* _PROBLEM TO WORK ON_:
Below are the records; copy every line in them that holds the string "mode".

* _DATA EXTRACT_:
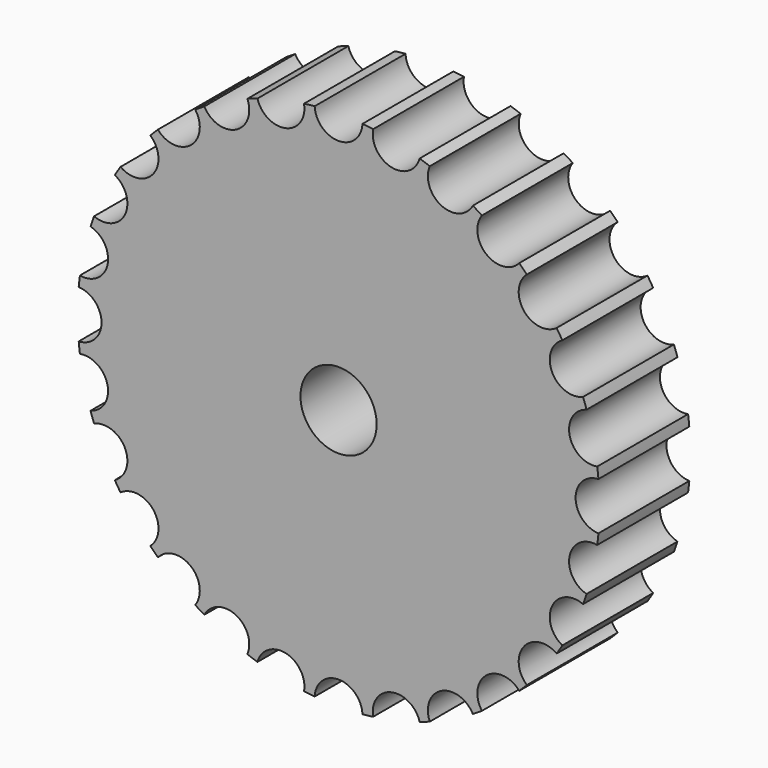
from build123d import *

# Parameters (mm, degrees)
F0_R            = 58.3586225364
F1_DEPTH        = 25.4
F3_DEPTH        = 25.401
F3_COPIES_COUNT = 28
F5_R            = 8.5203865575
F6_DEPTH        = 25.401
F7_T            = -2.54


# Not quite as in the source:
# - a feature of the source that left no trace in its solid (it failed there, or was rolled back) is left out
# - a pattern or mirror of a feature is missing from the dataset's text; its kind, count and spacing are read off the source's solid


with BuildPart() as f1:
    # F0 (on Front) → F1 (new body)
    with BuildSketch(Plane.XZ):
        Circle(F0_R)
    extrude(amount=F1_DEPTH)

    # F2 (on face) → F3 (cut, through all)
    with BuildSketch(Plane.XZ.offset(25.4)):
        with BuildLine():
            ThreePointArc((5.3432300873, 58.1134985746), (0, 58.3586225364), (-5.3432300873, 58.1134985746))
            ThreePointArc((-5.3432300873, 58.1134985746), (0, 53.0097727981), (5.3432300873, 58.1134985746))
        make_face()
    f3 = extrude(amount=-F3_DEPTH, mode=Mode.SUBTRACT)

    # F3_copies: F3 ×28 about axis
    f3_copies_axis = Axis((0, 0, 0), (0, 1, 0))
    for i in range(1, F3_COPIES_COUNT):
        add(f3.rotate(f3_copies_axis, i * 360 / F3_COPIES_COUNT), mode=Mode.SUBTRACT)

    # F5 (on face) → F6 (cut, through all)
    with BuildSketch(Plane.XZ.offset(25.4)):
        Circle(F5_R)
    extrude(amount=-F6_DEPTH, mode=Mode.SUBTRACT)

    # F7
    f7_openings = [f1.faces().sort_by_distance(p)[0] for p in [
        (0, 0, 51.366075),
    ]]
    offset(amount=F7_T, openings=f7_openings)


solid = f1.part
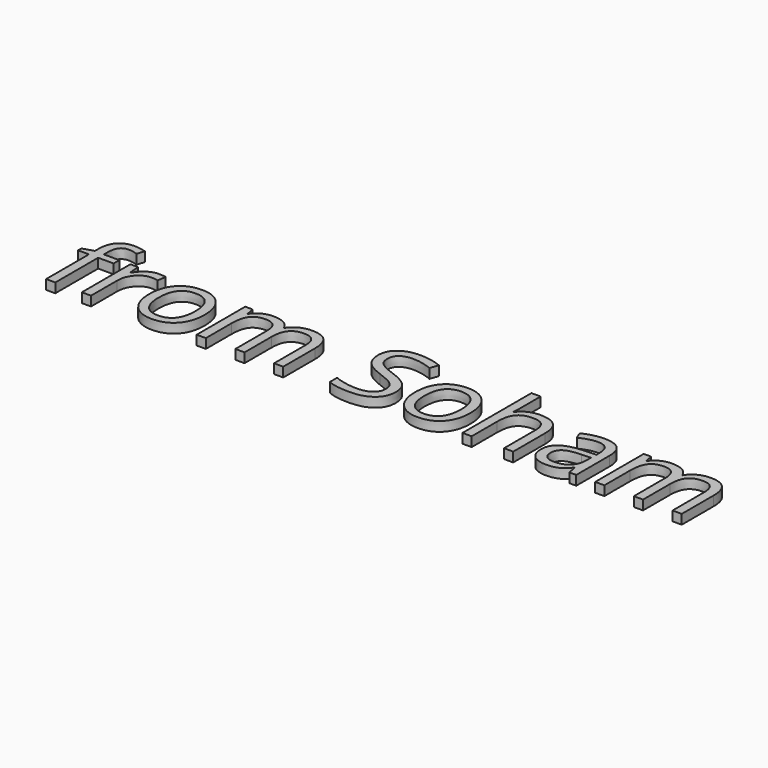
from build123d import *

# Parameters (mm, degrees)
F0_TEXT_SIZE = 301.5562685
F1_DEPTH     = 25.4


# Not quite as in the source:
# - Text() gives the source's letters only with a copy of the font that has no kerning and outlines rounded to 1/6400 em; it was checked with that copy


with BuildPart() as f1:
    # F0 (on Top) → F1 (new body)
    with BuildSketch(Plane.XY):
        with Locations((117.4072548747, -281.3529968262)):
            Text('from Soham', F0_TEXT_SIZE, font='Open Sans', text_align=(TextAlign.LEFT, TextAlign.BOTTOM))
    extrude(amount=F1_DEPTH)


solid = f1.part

* _SOLUTION TO THE PROBLEM_:
    f3 = extrude(amount=-F3_DEPTH, mode=Mode.SUBTRACT)
        add(f3.rotate(f3_copies_axis, i * 360 / F3_COPIES_COUNT), mode=Mode.SUBTRACT)
    extrude(amount=-F6_DEPTH, mode=Mode.SUBTRACT)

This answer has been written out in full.